While there, Baglio, 40, fell ill and underwent emergency gallbladder surgery.
He died on the operating table. His second heart had failed him.
Lucente was charged with reckless endangerment for giving steroids and HGH to Baglio. In March of this year, more than two weeks into his trial, Lucente pleaded guilty to a single conspiracy charge for accepting kickbacks from the pharmacy.
He forfeited medical licenses in New York and New Jersey and received five years’ probation.
Lucente, the Brooklyn D.A.’s office, and Baglio’s widow, Debra, declined comment for this story.
The Investigator
In late 2007, Ed Shinnick was promoted to captain and handed control of the Jersey City Police Department’s internal affairs division.

After only six months in his new job, he filed for retirement, telling his wife the stress was too much.
What happened between his promotion and his retirement is a matter of record.
In February 2008, just days after Rossi’s suicide, the New York City Police Department tipped Shinnick to the investigation into Lowen’s Pharmacy, suggesting more than 40 Jersey City officers were among the customers.
Over the next few months, Shinnick, 51, would oversee drug tests and strip officers of their badges and guns, at least until they tested clean.
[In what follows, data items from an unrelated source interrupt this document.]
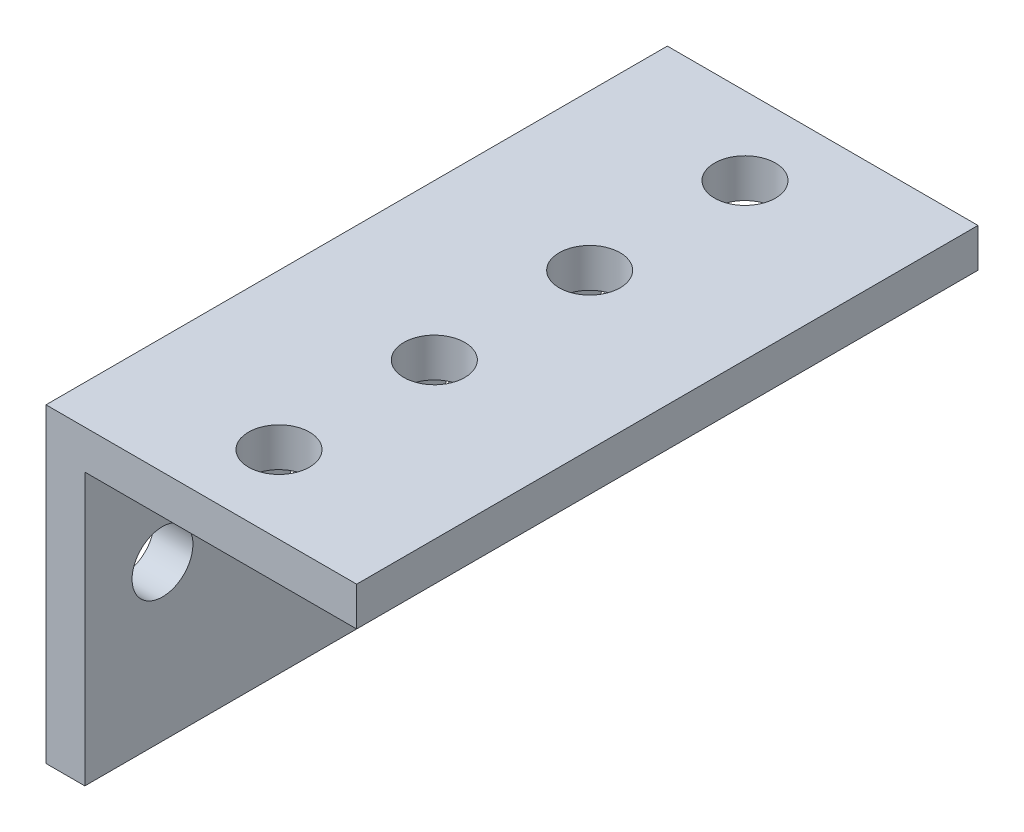
SolidWorks part; units mm, degrees
ref_plane "Front Plane" through (0, 0, 0) normal (0, 0, 1) x (1, 0, 0)
ref_plane "Top Plane" through (0, 0, 0) normal (0, 1, 0) x (1, 0, 0)
ref_plane "Right Plane" through (0, 0, 0) normal (1, 0, 0) x (0, 0, -1)
sketch "Sketch2" plane through (0, 0, 0) normal (0, 0, 1) x (1, 0, 0)
  line L0 (0, 0) -> (0, -25.4)
  line L1 (0, -25.4) -> (3.175, -25.4)
  line L2 (3.175, -25.4) -> (3.175, -3.175)
  line L3 (3.175, -3.175) -> (25.4, -3.175)
  line L4 (25.4, -3.175) -> (25.4, 0)
  line L5 (25.4, 0) -> (0, 0)
  dimension "D1" = 3.175
  dimension "D2" = 25.4
  dimension "D3" = 25.4
extrude "Boss-Extrude1" add sketch "Sketch2" along normal blind 50.8
sketch "Sketch5" plane through (3.175, 0, 0) normal (1, 0, 0) x (0, 0, -1)
  line L0 (-50.8, -25.4) -> (0, -25.4) construction
  line L1 (0, -25.4) -> (0, -3.175) construction
  circle A1 centre (-6.35, -12.7) radius 2.4892
  circle A2 centre (-19.05, -12.7) radius 2.4892
  circle A3 centre (-31.75, -12.7) radius 2.4892
  circle A4 centre (-44.45, -12.7) radius 2.4892
  point P1 (-18.5814, -12.7)
  dimension "D1" = 4.9784
  dimension "D2" = 12.7
  dimension "D3" = 6.35
  dimension "D4" = 4
  dimension "D5" = 12.7
extrude "Cut-Extrude1" cut sketch "Sketch5" against normal through all
sketch "Sketch6" plane through (0, -3.175, 0) normal (0, -1, 0) x (1, 0, 0)
  line L0 (3.175, 0) -> (25.4, 0) construction
  line L1 (25.4, 50.8) -> (25.4, 0) construction
  circle A0 centre (12.7, 6.35) radius 2.4892
  circle A1 centre (12.7, 19.05) radius 2.4892
  circle A2 centre (12.7, 31.75) radius 2.4892
  circle A3 centre (12.7, 44.45) radius 2.4892
  dimension "D3" = 4.9784
  dimension "D1" = 6.35
  dimension "D2" = 12.7
  dimension "D5" = 12.7
  dimension "D4" = 4
extrude "Cut-Extrude2" cut sketch "Sketch6" against normal through all

Details of the probe are found in two lawsuits, one a brutality suit brought against several officers, the other filed against the department by several of the officers who were tested.
On Wednesday, May 28, Shinnick met a friend for lunch. He then drove to a hotel near the Pocono Mountains of Pennsylvania. Inside, he shot himself twice. Once in the chest. Once in the head.
Two guns and a note were recovered at the scene.
The Star-Ledger’s request to Pennsylvania State Police for the report on Shinnick’s suicide, including the contents of his note, was denied.